# QuickTime Pro: Add Title Screen - How?



## dmetzcher (Mar 9, 2006)

How can I add an image as a title screen for a QuickTime Pro movie?
I don't want to use a text file, as I can't get control of the format, so I thought that creating an image in Photoshop and exporting it as a PNG file would work. I can add it to the movie, in the beginnging, or wherever, but it only lasts for one frame. When I import text (select a block of text, and do Command+P), it lasts for several seconds, which is what I want. Is there a way to do this with an image?

If not, what can I do to get a title added to a QuickTime movie? Someone suggested that I use Miyu, but that's only for subtitles, which I also need, but I'm only half way to where I need to be.

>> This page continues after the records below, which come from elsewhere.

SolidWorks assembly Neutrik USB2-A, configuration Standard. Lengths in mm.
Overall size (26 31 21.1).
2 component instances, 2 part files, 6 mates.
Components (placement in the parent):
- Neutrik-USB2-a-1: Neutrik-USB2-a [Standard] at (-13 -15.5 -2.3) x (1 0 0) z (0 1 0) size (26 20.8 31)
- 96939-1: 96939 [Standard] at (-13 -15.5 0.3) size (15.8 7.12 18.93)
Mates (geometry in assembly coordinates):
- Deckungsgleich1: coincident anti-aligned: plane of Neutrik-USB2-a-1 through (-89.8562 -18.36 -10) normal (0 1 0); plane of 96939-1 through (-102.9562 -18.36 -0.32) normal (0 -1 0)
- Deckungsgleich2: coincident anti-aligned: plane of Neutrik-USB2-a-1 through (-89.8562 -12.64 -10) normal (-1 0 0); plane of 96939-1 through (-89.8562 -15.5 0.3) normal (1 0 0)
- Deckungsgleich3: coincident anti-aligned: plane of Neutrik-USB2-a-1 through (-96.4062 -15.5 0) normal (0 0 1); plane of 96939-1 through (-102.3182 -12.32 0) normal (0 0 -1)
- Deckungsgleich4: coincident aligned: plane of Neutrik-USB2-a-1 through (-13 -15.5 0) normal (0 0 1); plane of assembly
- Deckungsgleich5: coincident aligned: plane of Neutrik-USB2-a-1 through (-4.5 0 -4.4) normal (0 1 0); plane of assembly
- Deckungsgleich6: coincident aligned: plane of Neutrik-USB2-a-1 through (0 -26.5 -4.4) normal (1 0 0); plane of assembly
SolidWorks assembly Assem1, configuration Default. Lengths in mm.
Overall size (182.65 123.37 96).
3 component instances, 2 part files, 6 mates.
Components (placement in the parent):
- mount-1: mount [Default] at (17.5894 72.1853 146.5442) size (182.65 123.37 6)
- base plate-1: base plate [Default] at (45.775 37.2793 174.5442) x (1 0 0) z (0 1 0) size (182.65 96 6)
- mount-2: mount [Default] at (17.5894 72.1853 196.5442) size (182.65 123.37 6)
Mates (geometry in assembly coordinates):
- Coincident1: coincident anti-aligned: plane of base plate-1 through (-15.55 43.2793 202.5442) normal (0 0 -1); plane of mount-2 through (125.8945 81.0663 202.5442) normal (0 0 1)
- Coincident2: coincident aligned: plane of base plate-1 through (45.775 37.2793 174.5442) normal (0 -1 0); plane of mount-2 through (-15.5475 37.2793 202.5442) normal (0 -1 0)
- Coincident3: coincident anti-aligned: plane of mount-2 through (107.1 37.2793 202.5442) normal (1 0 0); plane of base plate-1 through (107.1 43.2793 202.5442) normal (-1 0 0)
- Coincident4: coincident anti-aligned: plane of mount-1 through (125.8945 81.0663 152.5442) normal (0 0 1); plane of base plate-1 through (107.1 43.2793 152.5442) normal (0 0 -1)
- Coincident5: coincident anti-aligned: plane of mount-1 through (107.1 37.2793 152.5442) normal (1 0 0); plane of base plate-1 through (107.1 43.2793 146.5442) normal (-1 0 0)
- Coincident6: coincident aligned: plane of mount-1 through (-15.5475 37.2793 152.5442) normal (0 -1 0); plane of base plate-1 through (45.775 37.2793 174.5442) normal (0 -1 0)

Any suggestions or tips would be greatly appreciated. I searched the Web and found very little that helped me, which was surprising.


----------



## Mikuro (Mar 9, 2006)

This is a little bit tricky, but possible. I do things like this frequently. There are two ways you can do it. One using AppleScript, and one without. The AppleScript method is easier, but I'll explain both.

With AppleScript:
1. Paste your image into a new movie in QuickTime Player.
2. Open Script Editor and run this script:
	
	



```
tell application "QuickTime Player" to set the duration of the frame 1 of track 1 of movie 1 to 600
```

The movie will now be 1 second long. You can change "600" in the script with whatever number you like. The number is in 1/600ths of a second, so 600 = 1 second. Now select all, copy, and paste it into any movie you want.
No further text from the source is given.